Amazon acteur dominant du commerce en ligne est aussi le leader historique du cloud computing (AWS).
Microsoft a un portefeuille d’activités plus équilibré : le système d’exploitation Windows mais désormais aussi les services informatiques aux entreprises. Il est le deuxième acteur du cloud derrière Amazon.
Le constat de l’existence de nouveaux empires économiques
Dans « Gafa reprenons le pouvoir ! », Joëlle Toledano, économiste et professeur émérite à la chaire gouvernance et régulation de Dauphine, dresse le constat de la naissance de « nouveaux empires économiques dont les dynamiques de déploiement nous ont échappé trop longtemps ».

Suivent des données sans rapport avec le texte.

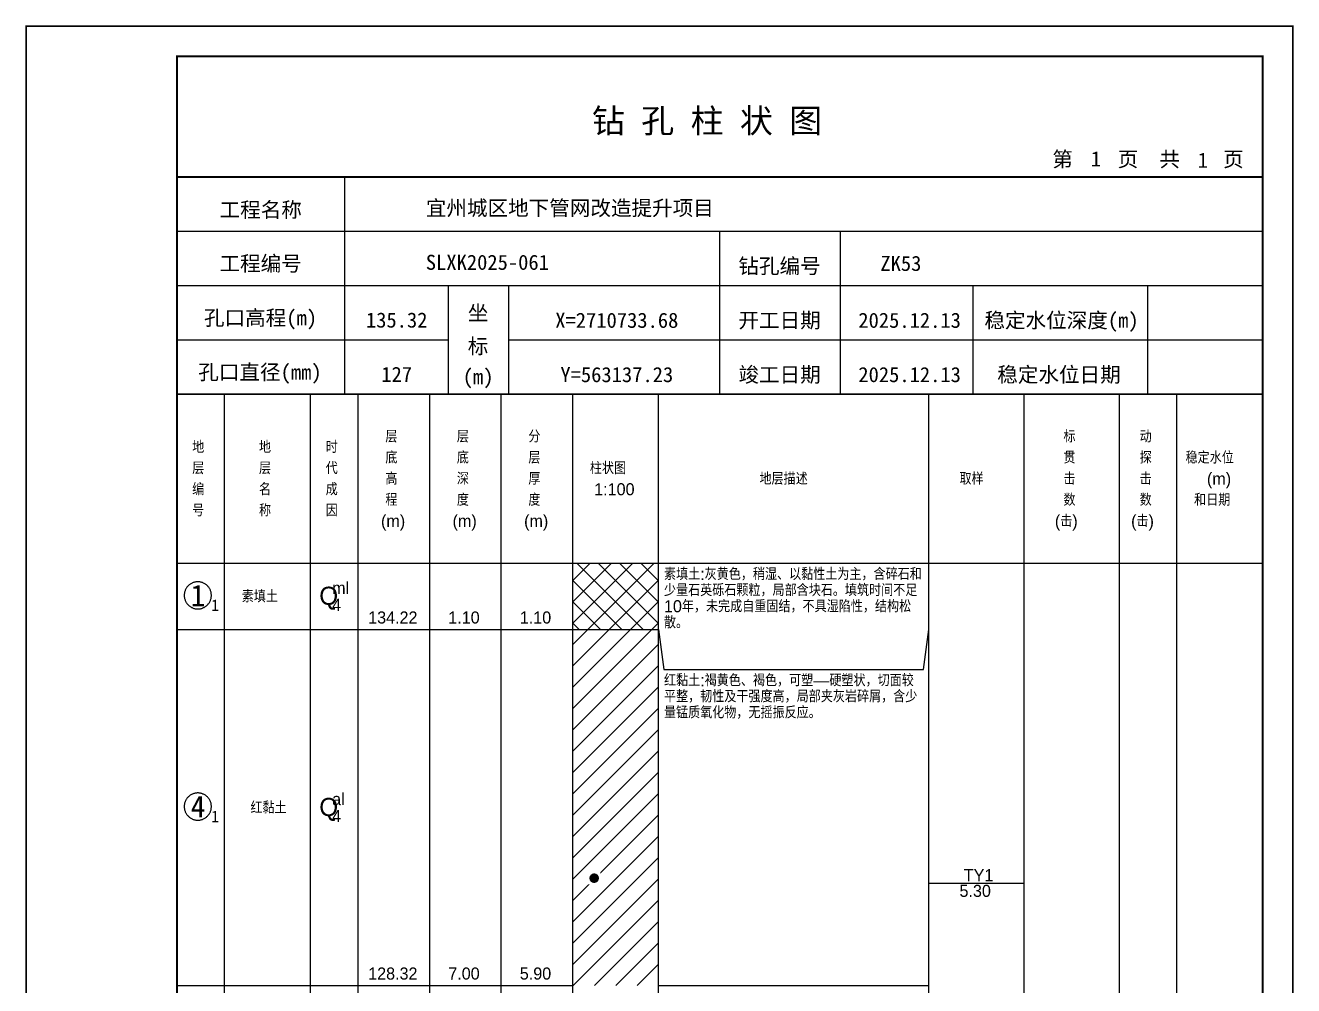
# Model space of a CAD drawing. Header units: millimetres. Extents: x 12489 to 89920, y 4630 to 4927.
# Drawn here: x 49889.3 to 50099.6, y 4767.7 to 4926.8 of the extents above; entities that cross this region are included whole.
import ezdxf
from ezdxf.enums import TextEntityAlignment as Align

# ---------------------------------------------------------------- set-up
doc = ezdxf.new("R2010")
doc.units = ezdxf.units.MM
doc.layers.add('GICAD_QUYANG', color=7, linetype='Continuous')
doc.layers.add('ZZT_TC', color=7, linetype='Continuous')
doc.styles.add('成果图图块', font='', dxfattribs={"height": 2.5})
doc.styles.add('成果图模板', font='')
doc.styles.add('成果图模板标题', font='simhei.ttf')
doc.styles.add('成果图表体', font='Comfont.shx', dxfattribs={"height": 2, "bigfont": 'Hztxt12a.shx'})
doc.styles.get('成果图图块').set_extended_font_data('FangSong_GB2312')
doc.styles.get('成果图模板').set_extended_font_data('FangSong_GB2312')

# ---------------------------------------------------------------- blocks, each defined once
blk = doc.blocks.new('DCBH-1-1-1319', base_point=(0.3, -0.11))
at = {"layer": 'ZZT_TC', "color": 7}
blk.add_polyline3d([(-0.19, 2.31, 0), (-0.3, 2.31, 0), (-0.41, 2.3, 0), (-0.52, 2.29, 0), (-0.63, 2.27, 0), (-0.73, 2.24, 0), (-0.84, 2.21, 0), (-0.95, 2.18, 0), (-1.05, 2.14, 0), (-1.15, 2.09, 0), (-1.25, 2.04, 0), (-1.35, 1.99, 0), (-1.44, 1.93, 0), (-1.53, 1.87, 0), (-1.62, 1.8, 0), (-1.7, 1.73, 0), (-1.78, 1.65, 0), (-1.86, 1.57, 0), (-1.93, 1.49, 0), (-2, 1.4, 0), (-2.06, 1.31, 0), (-2.12, 1.22, 0), (-2.17, 1.12, 0), (-2.22, 1.02, 0), (-2.27, 0.92, 0), (-2.31, 0.82, 0), (-2.34, 0.71, 0), (-2.37, 0.61, 0), (-2.4, 0.5, 0), (-2.41, 0.39, 0), (-2.43, 0.28, 0), (-2.44, 0.17, 0), (-2.44, 0.06, 0), (-2.44, -0.05, 0), (-2.43, -0.16, 0), (-2.41, -0.27, 0), (-2.4, -0.38, 0), (-2.37, -0.49, 0), (-2.34, -0.6, 0), (-2.31, -0.7, 0), (-2.27, -0.8, 0), (-2.22, -0.9, 0), (-2.17, -1, 0), (-2.12, -1.1, 0), (-2.06, -1.19, 0), (-2, -1.28, 0), (-1.93, -1.37, 0), (-1.86, -1.45, 0), (-1.78, -1.53, 0), (-1.7, -1.61, 0), (-1.62, -1.68, 0), (-1.53, -1.75, 0), (-1.44, -1.81, 0), (-1.35, -1.87, 0), (-1.25, -1.93, 0), (-1.15, -1.98, 0), (-1.05, -2.02, 0), (-0.95, -2.06, 0), (-0.84, -2.1, 0), (-0.73, -2.13, 0), (-0.63, -2.15, 0), (-0.52, -2.17, 0), (-0.41, -2.18, 0), (-0.3, -2.19, 0), (-0.19, -2.19, 0), (-0.08, -2.19, 0), (0.03, -2.18, 0), (0.14, -2.17, 0), (0.25, -2.15, 0), (0.36, -2.13, 0), (0.47, -2.1, 0), (0.57, -2.06, 0), (0.67, -2.02, 0), (0.77, -1.98, 0), (0.87, -1.93, 0), (0.97, -1.87, 0), (1.06, -1.81, 0), (1.15, -1.75, 0), (1.24, -1.68, 0), (1.32, -1.61, 0), (1.4, -1.53, 0), (1.48, -1.45, 0), (1.55, -1.37, 0), (1.62, -1.28, 0), (1.68, -1.19, 0), (1.74, -1.1, 0), (1.8, -1, 0), (1.85, -0.9, 0), (1.89, -0.8, 0), (1.93, -0.7, 0), (1.97, -0.6, 0), (2, -0.49, 0), (2.02, -0.38, 0), (2.04, -0.27, 0), (2.05, -0.16, 0), (2.06, -0.05, 0), (2.06, 0.06, 0), (2.06, 0.17, 0), (2.05, 0.28, 0), (2.04, 0.39, 0), (2.02, 0.5, 0), (2, 0.61, 0), (1.97, 0.71, 0), (1.93, 0.82, 0), (1.89, 0.92, 0), (1.85, 1.02, 0), (1.8, 1.12, 0), (1.74, 1.22, 0), (1.68, 1.31, 0), (1.62, 1.4, 0), (1.55, 1.49, 0), (1.48, 1.57, 0), (1.4, 1.65, 0), (1.32, 1.73, 0), (1.24, 1.8, 0), (1.15, 1.87, 0), (1.06, 1.93, 0), (0.97, 1.99, 0), (0.87, 2.04, 0), (0.77, 2.09, 0), (0.67, 2.14, 0), (0.57, 2.18, 0), (0.47, 2.21, 0), (0.36, 2.24, 0), (0.25, 2.27, 0), (0.14, 2.29, 0), (0.03, 2.3, 0), (-0.08, 2.31, 0), (-0.19, 2.31, 0)], dxfattribs=at)
at = {"style": '成果图图块'}
blk.add_text('1', height=3.57, dxfattribs=at).set_placement((-0.16, -1.74), align=Align.CENTER)
blk.add_text('1', height=1.91, dxfattribs=at).set_placement((2.03, -2.53))
blk = doc.blocks.new('DCBH-1-1-1320', base_point=(0.3, -0.11))
at = {"layer": 'ZZT_TC', "color": 7}
blk.add_polyline3d([(-0.19, 2.31, 0), (-0.3, 2.31, 0), (-0.41, 2.3, 0), (-0.52, 2.29, 0), (-0.63, 2.27, 0), (-0.73, 2.24, 0), (-0.84, 2.21, 0), (-0.95, 2.18, 0), (-1.05, 2.14, 0), (-1.15, 2.09, 0), (-1.25, 2.04, 0), (-1.35, 1.99, 0), (-1.44, 1.93, 0), (-1.53, 1.87, 0), (-1.62, 1.8, 0), (-1.7, 1.73, 0), (-1.78, 1.65, 0), (-1.86, 1.57, 0), (-1.93, 1.49, 0), (-2, 1.4, 0), (-2.06, 1.31, 0), (-2.12, 1.22, 0), (-2.17, 1.12, 0), (-2.22, 1.02, 0), (-2.27, 0.92, 0), (-2.31, 0.82, 0), (-2.34, 0.71, 0), (-2.37, 0.61, 0), (-2.4, 0.5, 0), (-2.41, 0.39, 0), (-2.43, 0.28, 0), (-2.44, 0.17, 0), (-2.44, 0.06, 0), (-2.44, -0.05, 0), (-2.43, -0.16, 0), (-2.41, -0.27, 0), (-2.4, -0.38, 0), (-2.37, -0.49, 0), (-2.34, -0.6, 0), (-2.31, -0.7, 0), (-2.27, -0.8, 0), (-2.22, -0.9, 0), (-2.17, -1, 0), (-2.12, -1.1, 0), (-2.06, -1.19, 0), (-2, -1.28, 0), (-1.93, -1.37, 0), (-1.86, -1.45, 0), (-1.78, -1.53, 0), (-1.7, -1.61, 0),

« Eux, arrivent à s’extraire du droit commun, à verrouiller la concurrence, à définir leurs propres règles en s’appuyant sur l’efficacité des outils numériques et à (nous) les imposer, alors que notre organisation politique et institutionnelle s’est arrêtée au XX e siècle »
Comme Edward Snowden dans « Mémoires Vives », Joëlle Toledano semble exprimer la nostalgie de l’internet des origines, où le nombre de participants et de sites accessibles était très limité où l’objectif était de créer « une civilisation de l’esprit dans le cyberespace ».
Désormais, même les penseurs libéraux qui estimaient que les Etats ne devaient pas intervenir directement pour réglementer Internet, semblent s’être ravisés.

La naissance des géants
Joëlle Toledano décrit les processus de naissance et de croissance des géants du numérique, qui dans une première phase, semblent investir à perte avant de pouvoir augmenter leurs prix.
- Ainsi Uber a commencé par subventionner ses chauffeurs pour constituer une offre de chauffeurs suffisantes pour faire naître la demande des clients et être en mesure de les satisfaire afin qu’ils soient plus nombreux. C’est la notion d’ « externalités de réseaux indirectes ».
- Deezer ou Spotify ont, dans un premier temps, cherché à augmenter leurs utilisateurs gratuits, en cherchant, dans un deuxième temps, à monétiser l’audience et à empêcher l’audience acquise de changer de plateforme.
Joëlle Toledano rappelle qu’en économie, il faut pratiquer les tarifs les moins élevés du côté où la demande est la plus sensible aux prix : Google et Facebook font payer les publicitaires qui veulent avoir accès aux consommateurs, lesquels ne paient pas directement mais en livrant leurs données personnelles.
La consolidation des empires
De plateformes, les géants du numériques sont devenus des empires.
D’une part en raison du nombre considérable de données personnelles qu’ils possèdent.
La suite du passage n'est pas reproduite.